20 Best Science Fiction Movies Released Since 2000
15. Children of Men (2006)
There is a rich history of screenwriters and directors taking science fiction novels, scraping away everything they don’t like and starting again from a hollow shell – just compare Francis Lawrence’s I Am Legend to Richard Matheson’s novel, or Jonathan Glazer’s Under the Skin to Michel Faber’s. And Alfonso Cuarón’s Children of Men is no different. Adapted very loosely from P D James' novel, Cuarón’s film jettisons all the (for lack of a better term) high-dystopian distractions from the book, and cuts it down to the bare bones, before rebuilding it into something considerably more significant.

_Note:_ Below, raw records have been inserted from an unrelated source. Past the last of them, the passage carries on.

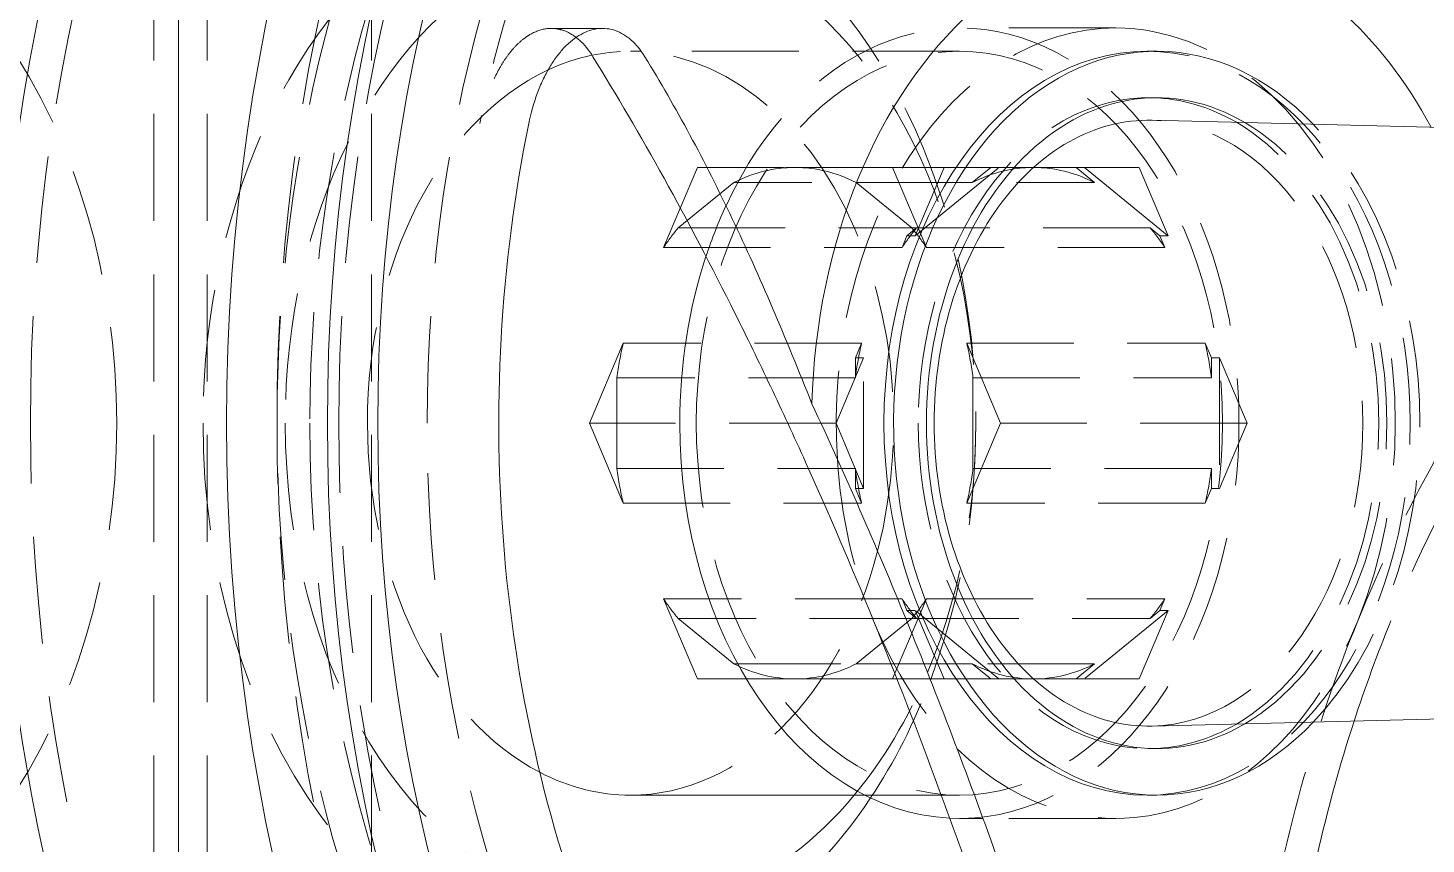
# Model space of a CAD drawing. Header units: millimetres. Extents: x -46397 to 283259, y -8690 to 23983.
# Drawn here: x -33694.4 to -33629, y 5285.1 to 5323.3 of the extents above; entities that cross this region are included whole.
import ezdxf

# ---------------------------------------------------------------- set-up
doc = ezdxf.new("R2010")
doc.units = ezdxf.units.MM
doc.linetypes.add('CENTER', pattern=[2, 1.25, -0.25, 0.25, -0.25])
doc.linetypes.add('HIDDENX2', pattern=[0.75, 0.5, -0.25])
doc.layers.add('DUONGTAM', color=1, linetype='CENTER', lineweight=0)

msp = doc.modelspace()

# ---------------------------------------------------------------- linework, layer by layer
at = {"color": 1, "linetype": 'HIDDENX2', "lineweight": 0, "ltscale": 10, "extrusion": (0, 1, 0)}
for p, q in [((-33688.52001792354, 5341.759699835539, -1.499105149169903), (-33688.51967595705, 5267.846656356817, -1.499105149169903)), ((-33686.02208635955, 5341.75972294943, -1.499105149169903), (-33686.02174439306, 5267.846679470701, -1.499105149169903)), ((-33678.33614308572, 5341.759794069078, -1.499105149169903), (-33678.33580111926, 5267.846750590349, -1.499105149169903)), ((-33669.93337561931, 5323.260690174257, -1.499105149169903), (-33667.53703023271, 5323.260712348146, -1.499105149169903)), ((-33643.55287774031, 5323.282132422525, -1.499105149169903), (-33650.85889588248, 5323.282064818394, -1.499105149169903)), ((-33665.73556500384, 5322.194970639622, -1.499105149169903), (-33666.23077237229, 5322.194966057369, -1.499105149169903)), ((-33650.85888582467, 5322.195108296673, -1.499105149169903), (-33665.73546799809, 5322.194970640524, -1.499105149169903)), ((-33641.63573378041, 5320.021280596814, -1.499105149169903), (-33642.0200309441, 5320.021277040828, -1.499105149169903)), ((-33663.10799947601, 5316.76025456867, -1.499105149169903), (-33664.68431532195, 5313.023757881611, -1.499105149169903)), ((-33651.5790845653, 5316.760361248143, -1.499105149169903), (-33663.10799947601, 5316.760254568663, -1.499105149169903)), ((-33653.98144750633, 5316.76025456867, -1.499105149169903), (-33663.10799947601, 5316.76025456867, -1.499105149169903)), ((-33647.40010574412, 5316.760357692164, -1.499105149169903), (-33658.54477880929, 5316.760254568409, -1.499105149169903)), ((-33642.45253259559, 5316.760361248143, -1.499105149169903), (-33653.98144750633, 5316.760254568663, -1.499105149169903)), ((-33652.40509708579, 5313.023757881604, -1.499105149169903), (-33653.98144750633, 5316.76025456867, -1.499105149169903)), ((-33652.9276101908, 5313.563818153608, -1.499105149169903), (-33651.5790845653, 5316.760361248143, -1.499105149169903)), ((-33652.9276101908, 5313.563818153615, -1.499105149169903), (-33649.01267521865, 5316.760361248143, -1.499105149169903)), ((-33651.5790845653, 5316.760361248143, -1.499105149169903), (-33649.01267521865, 5316.760361248143, -1.499105149169903)), ((-33649.39697238234, 5316.760357692164, -1.499105149169903), (-33650.26057239353, 5316.055228572036, -1.499105149169903)), ((-33649.01267521865, 5316.760361248143, -1.499105149169903), (-33649.39697238234, 5316.760357692164, -1.499105149169903)), ((-33649.39697238234, 5316.760357692164, -1.499105149169903), (-33645.40323910593, 5316.760357692164, -1.499105149169903)), ((-33645.40323910593, 5316.760357692164, -1.499105149169903), (-33645.01894194224, 5316.760361248143, -1.499105149169903)), ((-33644.53963257004, 5316.055228572036, -1.499105149169903), (-33645.40323910593, 5316.760357692164, -1.499105149169903)), ((-33645.01894194224, 5316.760361248143, -1.499105149169903), (-33642.45253259559, 5316.760361248143, -1.499105149169903)), ((-33645.01894194224, 5316.760361248143, -1.499105149169903), (-33641.1039773918, 5313.563818153615, -1.499105149169903)), ((-33642.45253259559, 5316.760361248143, -1.499105149169903), (-33641.1039773918, 5313.563818153615, -1.499105149169903)), ((-33664.00451815691, 5313.932774993121, -1.499105149169903), (-33661.40519014058, 5316.055125448543, -1.499105149169903)), ((-33650.26057239353, 5316.055228572036, -1.499105149169903), (-33661.40519014058, 5316.055125448543, -1.499105149169903)), ((-33655.68425031706, 5316.055125448543, -1.499105149169903), (-33644.53963257004, 5316.055228572036, -1.499105149169903)), ((-33655.68425031706, 5316.055125448543, -1.499105149169903), (-33653.08490266213, 5313.932774993121, -1.499105149169903)), ((-33664.00451815691, 5313.932774993121, -1.499105149169903), (-33652.85990040989, 5313.932878116614, -1.499105149169903)), ((-33653.5396975749, 5313.023861005112, -1.499105149169903), (-33653.31190735449, 5313.563814597629, -1.499105149169903)), ((-33652.85990040989, 5313.932878116614, -1.499105149169903), (-33653.31190735449, 5313.563814597629, -1.499105149169903)), ((-33653.31190735449, 5313.563814597629, -1.499105149169903), (-33652.9276101908, 5313.563818153608, -1.499105149169903)), ((-33641.94028491511, 5313.932878116614, -1.499105149169903), (-33653.08490266213, 5313.932774993121, -1.499105149169903)), ((-33641.48827455549, 5313.563814597629, -1.499105149169903), (-33641.94028491514, 5313.932878116614, -1.499105149169903)), ((-33641.1039773918, 5313.563818153615, -1.499105149169903), (-33641.48827455549, 5313.563814597636, -1.499105149169903)), ((-33641.48827455549, 5313.563814597629, -1.499105149169903), (-33641.26047933877, 5313.023861005119, -1.499105149169903)), ((-33664.68431532195, 5313.023757881611, -1.499105149169903), (-33653.5396975749, 5313.023861005105, -1.499105149169903)), ((-33641.26047933877, 5313.023861005105, -1.499105149169903), (-33652.40509708579, 5313.023757881611, -1.499105149169903)), ((-33666.5757814196, 5308.540229516521, -1.499105149169903), (-33668.15209726554, 5304.803732829462, -1.499105149169903)), ((-33655.43116367258, 5308.540332640015, -1.499105149169903), (-33666.5757814196, 5308.540229516514, -1.499105149169903)), ((-33655.72034220105, 5307.854864295262, -1.499105149169903), (-33655.43116367258, 5308.540332640007, -1.499105149169903)), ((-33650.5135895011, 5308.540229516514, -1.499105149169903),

Clive Owen, as former activist everyman Theo Faron, is our way into a 2027 Britain beset by poverty, chaos, marshal law and violent anti-immigrant policies. The cause? Fertility has dropped to zero, with no new babies born in eighteen years. Sucked into a resistance plot by his estranged wife, Theo is turned from cynic to believer as he becomes the sole person in charged of securing the safe passage of Black “fugee” Kee (Clare-Hope Ashitey), who has somehow fallen pregnant.
Cuarón’s magic here lies not just in his dynamic directing style and realist approach to filmmaking (there are many points at which Children feels like a Mike Leigh film), but his ability to successfully ground and re-frame this OTT sci-fi story into a potent comment on society that is so very relevant here in the UK, twenty years on.